Start 5m left of the Tramlines gully below a steep wall with a scoop above. Climb wall for 4m then delicately into scoop, and up to small flake. Stand on this with difficulty (crux), and up to good holds. Continue to ledge. Directly up from ledge to abseil bush. Or step down and right across ledge and ascend wall some 2m right of big slash in cliff.

FA: Barry Cliff, Collette Brown & David Lockwood, 1962

Start as for Tramlines. Step across to ledge. The face is taken direct avoiding the vegetated crack on the left.

FA: R. Smith & G. B. Cliff A. M. Waber, 1962

Start at foot of large fig tree in gully. Layback to top of flake on right. Traverse left a few feet to ledge at foot of upper gully. From here thin twin cracks up right- hand corner of gully take route out onto face on right which is then climbed direct.

Start just right of big fig tree on boulder below steep slab. Climb this for a few unprotected moves to a ledge at 9m below small overhang. Bolt below overhang. Move up wall left of bolt (crux), up overhang and easier wall above to finish.

FA: Michael Adams, Ron Searle & Peter Le Pelley, 1960

About 6m right of Junction there is a chimney crack above the ground. Climb easily up this to the righthand end of the Junction ledge, some 2m right of bolt. Move up right above obvious "pigeon-hole" (crux), then straight up wall above.

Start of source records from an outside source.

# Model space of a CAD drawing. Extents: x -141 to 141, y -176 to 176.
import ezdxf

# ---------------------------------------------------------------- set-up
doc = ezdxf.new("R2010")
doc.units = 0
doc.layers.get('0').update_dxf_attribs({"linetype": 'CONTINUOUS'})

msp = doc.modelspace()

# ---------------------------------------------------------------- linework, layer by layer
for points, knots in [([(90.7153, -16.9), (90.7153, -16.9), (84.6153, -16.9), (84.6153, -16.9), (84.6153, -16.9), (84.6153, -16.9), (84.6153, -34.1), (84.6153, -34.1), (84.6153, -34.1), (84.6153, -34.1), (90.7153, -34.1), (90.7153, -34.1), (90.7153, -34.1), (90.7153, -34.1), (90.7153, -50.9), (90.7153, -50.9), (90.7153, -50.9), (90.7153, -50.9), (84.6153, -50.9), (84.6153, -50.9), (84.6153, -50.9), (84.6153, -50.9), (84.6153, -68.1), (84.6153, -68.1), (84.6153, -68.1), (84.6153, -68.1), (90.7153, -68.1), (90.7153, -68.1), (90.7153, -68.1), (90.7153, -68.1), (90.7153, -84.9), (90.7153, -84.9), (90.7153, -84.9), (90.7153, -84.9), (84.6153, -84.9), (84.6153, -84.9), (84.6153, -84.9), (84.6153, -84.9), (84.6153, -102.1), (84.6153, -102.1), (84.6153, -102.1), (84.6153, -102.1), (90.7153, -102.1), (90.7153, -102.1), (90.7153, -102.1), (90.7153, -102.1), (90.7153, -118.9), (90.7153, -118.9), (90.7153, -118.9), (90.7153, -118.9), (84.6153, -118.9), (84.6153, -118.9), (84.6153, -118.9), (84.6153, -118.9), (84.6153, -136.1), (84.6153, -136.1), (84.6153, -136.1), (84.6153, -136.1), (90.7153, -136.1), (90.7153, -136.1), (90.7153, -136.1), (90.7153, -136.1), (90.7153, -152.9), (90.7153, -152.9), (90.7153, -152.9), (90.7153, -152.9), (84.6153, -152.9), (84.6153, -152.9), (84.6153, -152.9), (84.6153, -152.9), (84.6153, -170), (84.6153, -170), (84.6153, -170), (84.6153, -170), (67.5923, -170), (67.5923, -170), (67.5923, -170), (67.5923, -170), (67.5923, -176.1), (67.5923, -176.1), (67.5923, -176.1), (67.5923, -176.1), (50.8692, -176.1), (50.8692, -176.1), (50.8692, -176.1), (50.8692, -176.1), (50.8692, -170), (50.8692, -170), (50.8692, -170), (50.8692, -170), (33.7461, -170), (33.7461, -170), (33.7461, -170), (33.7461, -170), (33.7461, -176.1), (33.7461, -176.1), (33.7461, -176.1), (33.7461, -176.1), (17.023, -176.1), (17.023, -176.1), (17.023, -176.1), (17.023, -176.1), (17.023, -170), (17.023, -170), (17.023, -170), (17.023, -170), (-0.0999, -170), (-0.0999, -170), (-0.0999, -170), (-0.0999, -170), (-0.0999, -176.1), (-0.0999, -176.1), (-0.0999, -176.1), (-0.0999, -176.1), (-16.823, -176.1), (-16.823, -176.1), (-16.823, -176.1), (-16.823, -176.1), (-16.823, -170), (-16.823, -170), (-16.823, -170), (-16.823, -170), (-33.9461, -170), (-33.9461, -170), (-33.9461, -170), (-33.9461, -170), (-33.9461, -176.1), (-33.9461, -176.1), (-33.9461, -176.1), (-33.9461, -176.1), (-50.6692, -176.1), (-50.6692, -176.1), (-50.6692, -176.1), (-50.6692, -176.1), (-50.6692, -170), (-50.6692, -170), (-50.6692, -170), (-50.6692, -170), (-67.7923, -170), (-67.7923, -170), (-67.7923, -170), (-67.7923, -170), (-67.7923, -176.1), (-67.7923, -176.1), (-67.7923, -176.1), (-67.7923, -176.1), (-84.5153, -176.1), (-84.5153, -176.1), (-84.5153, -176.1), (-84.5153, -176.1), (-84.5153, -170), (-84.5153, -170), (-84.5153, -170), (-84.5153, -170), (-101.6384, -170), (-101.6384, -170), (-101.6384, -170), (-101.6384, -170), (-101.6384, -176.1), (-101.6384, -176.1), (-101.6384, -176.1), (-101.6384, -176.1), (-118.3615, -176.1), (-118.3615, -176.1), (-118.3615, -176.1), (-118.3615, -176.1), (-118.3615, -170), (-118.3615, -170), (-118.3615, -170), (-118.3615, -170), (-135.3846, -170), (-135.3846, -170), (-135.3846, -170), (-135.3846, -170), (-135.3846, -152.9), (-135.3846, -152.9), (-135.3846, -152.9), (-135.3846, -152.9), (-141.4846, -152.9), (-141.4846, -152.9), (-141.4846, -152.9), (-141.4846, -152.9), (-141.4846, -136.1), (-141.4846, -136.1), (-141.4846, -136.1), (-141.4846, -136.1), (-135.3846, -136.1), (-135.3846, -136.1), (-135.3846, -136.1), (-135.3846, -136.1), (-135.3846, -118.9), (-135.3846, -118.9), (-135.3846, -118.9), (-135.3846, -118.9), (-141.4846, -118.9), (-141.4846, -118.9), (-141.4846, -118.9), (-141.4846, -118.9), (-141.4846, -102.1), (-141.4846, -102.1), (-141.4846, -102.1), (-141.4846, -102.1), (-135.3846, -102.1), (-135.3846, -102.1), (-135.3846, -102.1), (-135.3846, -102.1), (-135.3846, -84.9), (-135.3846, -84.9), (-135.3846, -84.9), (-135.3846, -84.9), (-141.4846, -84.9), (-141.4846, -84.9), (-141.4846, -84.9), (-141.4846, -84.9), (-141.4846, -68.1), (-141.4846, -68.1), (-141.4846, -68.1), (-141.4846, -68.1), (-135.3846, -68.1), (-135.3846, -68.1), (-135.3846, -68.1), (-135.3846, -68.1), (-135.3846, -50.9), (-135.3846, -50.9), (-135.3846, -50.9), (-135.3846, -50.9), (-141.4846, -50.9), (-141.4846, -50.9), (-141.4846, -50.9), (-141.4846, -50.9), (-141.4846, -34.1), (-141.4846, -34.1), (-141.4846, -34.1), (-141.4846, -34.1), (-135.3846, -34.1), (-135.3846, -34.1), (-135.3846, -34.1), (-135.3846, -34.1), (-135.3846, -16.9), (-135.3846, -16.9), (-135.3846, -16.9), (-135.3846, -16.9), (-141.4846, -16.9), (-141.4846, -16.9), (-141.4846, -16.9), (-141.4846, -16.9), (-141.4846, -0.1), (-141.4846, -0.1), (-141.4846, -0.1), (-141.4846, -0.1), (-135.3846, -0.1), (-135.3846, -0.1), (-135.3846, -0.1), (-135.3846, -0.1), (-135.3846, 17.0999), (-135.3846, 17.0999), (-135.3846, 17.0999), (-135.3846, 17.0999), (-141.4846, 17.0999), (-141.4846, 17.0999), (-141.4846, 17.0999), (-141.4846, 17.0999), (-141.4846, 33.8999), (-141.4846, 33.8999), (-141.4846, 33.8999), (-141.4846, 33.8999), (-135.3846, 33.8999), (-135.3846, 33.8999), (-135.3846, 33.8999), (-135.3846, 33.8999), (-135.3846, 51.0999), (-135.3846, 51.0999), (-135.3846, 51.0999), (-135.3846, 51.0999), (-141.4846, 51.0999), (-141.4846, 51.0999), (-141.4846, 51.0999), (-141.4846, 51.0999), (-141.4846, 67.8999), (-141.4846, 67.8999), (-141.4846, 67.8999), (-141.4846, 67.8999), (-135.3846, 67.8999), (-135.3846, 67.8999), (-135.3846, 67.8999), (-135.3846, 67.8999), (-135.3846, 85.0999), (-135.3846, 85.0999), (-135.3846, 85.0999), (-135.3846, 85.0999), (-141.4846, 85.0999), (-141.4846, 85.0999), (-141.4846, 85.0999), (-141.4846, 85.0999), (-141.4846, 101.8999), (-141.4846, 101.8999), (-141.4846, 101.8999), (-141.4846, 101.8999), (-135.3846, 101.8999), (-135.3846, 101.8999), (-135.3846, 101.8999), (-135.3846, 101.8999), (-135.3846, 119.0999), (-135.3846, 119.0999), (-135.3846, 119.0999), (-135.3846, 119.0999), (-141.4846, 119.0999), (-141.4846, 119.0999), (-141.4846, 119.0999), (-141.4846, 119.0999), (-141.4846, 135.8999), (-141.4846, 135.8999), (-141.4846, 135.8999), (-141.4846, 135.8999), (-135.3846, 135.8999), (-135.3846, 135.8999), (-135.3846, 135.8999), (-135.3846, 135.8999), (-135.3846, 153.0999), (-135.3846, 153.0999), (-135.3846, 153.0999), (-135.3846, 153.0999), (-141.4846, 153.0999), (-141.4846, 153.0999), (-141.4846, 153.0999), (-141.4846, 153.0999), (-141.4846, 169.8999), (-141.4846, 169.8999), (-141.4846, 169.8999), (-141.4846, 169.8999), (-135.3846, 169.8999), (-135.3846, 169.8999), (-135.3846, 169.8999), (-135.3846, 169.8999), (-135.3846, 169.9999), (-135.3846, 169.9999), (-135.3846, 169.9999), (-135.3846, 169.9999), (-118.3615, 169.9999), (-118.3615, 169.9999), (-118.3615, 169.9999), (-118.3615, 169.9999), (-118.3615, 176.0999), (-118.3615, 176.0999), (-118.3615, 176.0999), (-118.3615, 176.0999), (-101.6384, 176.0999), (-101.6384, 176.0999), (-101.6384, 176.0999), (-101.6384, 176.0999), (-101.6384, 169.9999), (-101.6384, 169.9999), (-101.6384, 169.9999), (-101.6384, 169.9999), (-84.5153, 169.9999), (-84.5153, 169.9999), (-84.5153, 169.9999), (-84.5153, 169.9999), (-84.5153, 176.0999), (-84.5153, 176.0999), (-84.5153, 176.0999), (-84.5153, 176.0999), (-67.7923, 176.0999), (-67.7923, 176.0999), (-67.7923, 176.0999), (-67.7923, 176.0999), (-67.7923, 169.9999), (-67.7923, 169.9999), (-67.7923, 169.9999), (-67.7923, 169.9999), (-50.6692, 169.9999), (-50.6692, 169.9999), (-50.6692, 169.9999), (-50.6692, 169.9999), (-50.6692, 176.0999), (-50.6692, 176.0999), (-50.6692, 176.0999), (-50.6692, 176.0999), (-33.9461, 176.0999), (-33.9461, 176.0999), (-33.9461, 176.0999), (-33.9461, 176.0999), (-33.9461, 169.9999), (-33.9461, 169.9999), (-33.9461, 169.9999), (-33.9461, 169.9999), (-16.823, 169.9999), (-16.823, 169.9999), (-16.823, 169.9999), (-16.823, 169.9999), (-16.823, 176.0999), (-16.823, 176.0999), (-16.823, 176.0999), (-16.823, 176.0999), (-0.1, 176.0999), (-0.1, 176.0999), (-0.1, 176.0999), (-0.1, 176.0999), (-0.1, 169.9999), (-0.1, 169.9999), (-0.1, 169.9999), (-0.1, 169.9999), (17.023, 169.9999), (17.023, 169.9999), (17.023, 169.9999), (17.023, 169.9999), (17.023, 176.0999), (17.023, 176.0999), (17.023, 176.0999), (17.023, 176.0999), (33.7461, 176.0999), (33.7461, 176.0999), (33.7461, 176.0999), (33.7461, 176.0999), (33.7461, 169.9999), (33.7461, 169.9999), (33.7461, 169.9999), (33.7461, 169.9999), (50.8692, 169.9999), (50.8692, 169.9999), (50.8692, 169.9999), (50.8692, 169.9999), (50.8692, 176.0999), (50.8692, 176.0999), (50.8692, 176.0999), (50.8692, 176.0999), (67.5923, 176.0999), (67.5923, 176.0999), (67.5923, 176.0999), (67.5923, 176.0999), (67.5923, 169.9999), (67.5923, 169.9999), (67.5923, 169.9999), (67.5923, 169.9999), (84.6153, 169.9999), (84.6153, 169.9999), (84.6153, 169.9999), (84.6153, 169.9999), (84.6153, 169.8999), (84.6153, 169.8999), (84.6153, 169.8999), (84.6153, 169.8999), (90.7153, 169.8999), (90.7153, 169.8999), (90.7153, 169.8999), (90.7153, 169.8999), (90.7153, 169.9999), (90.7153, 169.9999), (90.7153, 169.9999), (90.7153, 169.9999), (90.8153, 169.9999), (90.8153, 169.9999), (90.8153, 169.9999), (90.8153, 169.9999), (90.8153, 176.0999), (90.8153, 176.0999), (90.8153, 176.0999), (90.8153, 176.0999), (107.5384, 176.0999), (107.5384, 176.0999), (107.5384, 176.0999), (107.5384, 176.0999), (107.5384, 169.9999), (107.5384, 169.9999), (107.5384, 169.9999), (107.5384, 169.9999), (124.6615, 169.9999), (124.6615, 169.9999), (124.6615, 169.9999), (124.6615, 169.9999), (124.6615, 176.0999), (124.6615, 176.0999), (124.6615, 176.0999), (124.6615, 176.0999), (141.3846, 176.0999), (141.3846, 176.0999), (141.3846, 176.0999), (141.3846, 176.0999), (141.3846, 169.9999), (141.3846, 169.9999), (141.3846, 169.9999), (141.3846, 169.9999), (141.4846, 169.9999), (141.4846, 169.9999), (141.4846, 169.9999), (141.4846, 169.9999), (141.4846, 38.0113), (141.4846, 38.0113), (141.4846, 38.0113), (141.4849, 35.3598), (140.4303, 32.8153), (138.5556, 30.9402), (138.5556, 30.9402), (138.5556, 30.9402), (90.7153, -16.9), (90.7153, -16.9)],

FA: Iain Allan & Clive Ward, 1988

It has been said that one member of the Mountain Club makes the journey to Lukenia once a fortnight solely to do battle with this little beauty, If he succeeds on one safari, the only certainty is that it will defeat him on his next Originally climbed by traversing in from the Junction ledge on the left, parties in recent years have preferred a more direct approach. Start 3m left of Bandana at a "pigeon-hole" about a meter off the ground. Climb wall by "pigeon-hole" and step left at 3m to diagonal crack rising rightwards. Move right and over the overlap at 5m, directly above start. Climb face above moving slightly right to ledge. Mantle shelf up leftwards to ledge below black streak, and climb delicately up slab (crux), on right of bolt to top. Original route was to climb up to shallow cave and the move up rightwards.

FA: Michael Adams & Alan Owen, 1959

This route ascends the steep wall and arete between Boiler Plate and Bandana. Start just left of Bandana where a difficult move leads left to a good hold. Move straight up to where pro can be placed above right end of overlap. Step right and up steep lichen wall to good jug. Mantle shelf. Move up right and ascend wall left of grassy Bandana gully with difficulty.

FA: Iain Allan & Clive Ward, 1988

About 8m to the right of Boiler Plate there is a steep vegetated crack. Climb through tree then up crack to steep bulge (crux), continue up grass to top.

FA: Iain Allan & H. Smith, 1968

The ultimate finger-tingler! Start 3m right of Bandana, Climb thin crack to obvious "pigeon-hole" at 4m. Move up bulge above on good holds, then two hard moves lead out rightwards across wall and up to easier ground.

FA: Pete O' Sullivan, Ron Corkhill & Andrew Wielochowski, 1981

The steep corner some 6m right of Matatu. Five fierce moves up thin crackline past bolt on right, leads to blank wall. Cruxy move right then easier step left below small roof. Over roof on good holds and to top.

FA: Iain Allan, 1988

A short way up the gully right of Hit and Run there is an obvious scoop near the ground. Up to this, then harder move out of scoop, and straight up to top.